The current trend in U.S. agriculture, including
Hawai‘i agriculture, is toward less chemically intensive,
more biologically based practices, in the hope that they
may improve soil health and agricultural production and
be less harmful to the environment than conventional
agricultural production methods. In Asian countries,
including Korea, deliberate collection and culturing of
naturally occurring soil microorganisms has been a common agricultural practice for centuries, and application
of these cultures to crop soils is believed to minimize
the need for applications of inorganic soil amendments.
However, little scientific documentation of the benefits
of these practices exists. This publication outlines the
principal steps in culturing naturally occurring microorganisms in a process similar to one used on farms in
Korea.

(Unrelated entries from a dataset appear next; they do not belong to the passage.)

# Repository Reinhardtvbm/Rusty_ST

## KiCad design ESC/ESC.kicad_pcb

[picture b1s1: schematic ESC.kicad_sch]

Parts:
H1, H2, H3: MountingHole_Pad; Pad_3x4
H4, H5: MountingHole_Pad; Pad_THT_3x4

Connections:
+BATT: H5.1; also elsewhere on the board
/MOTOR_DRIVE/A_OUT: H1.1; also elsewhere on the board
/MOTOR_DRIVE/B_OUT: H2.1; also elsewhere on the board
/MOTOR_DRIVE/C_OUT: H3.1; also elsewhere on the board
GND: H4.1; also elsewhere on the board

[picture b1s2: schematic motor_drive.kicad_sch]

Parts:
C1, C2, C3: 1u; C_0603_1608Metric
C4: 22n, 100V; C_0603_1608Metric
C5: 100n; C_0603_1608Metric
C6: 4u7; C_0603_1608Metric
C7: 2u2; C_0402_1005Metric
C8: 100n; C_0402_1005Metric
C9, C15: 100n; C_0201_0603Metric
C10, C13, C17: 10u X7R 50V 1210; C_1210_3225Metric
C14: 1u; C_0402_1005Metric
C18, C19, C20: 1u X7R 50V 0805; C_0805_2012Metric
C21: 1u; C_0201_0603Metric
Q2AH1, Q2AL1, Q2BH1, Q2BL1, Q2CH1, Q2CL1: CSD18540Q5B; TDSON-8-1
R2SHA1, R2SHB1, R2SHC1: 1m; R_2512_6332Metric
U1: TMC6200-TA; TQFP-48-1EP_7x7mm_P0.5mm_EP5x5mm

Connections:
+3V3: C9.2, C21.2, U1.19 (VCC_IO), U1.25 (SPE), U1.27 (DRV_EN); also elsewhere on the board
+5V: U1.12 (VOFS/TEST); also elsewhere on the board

Those wishing to culture and utilize microorganisms in this way should be aware that the value of
the techniques and applications described has not been
verified in Hawai‘i by controlled experiments. Therefore,
the practices described in this publication should be
considered as suggested, rather than recommended.
Collecting microorganisms from the
environment
When is the best time to collect microorganisms?
Microorganisms (microbes) may be cultured at any time
of the year; however, avoid wet, rainy seasons. Excessive
moisture in the environment promotes growth of fungi
that are less desirable for the intended uses.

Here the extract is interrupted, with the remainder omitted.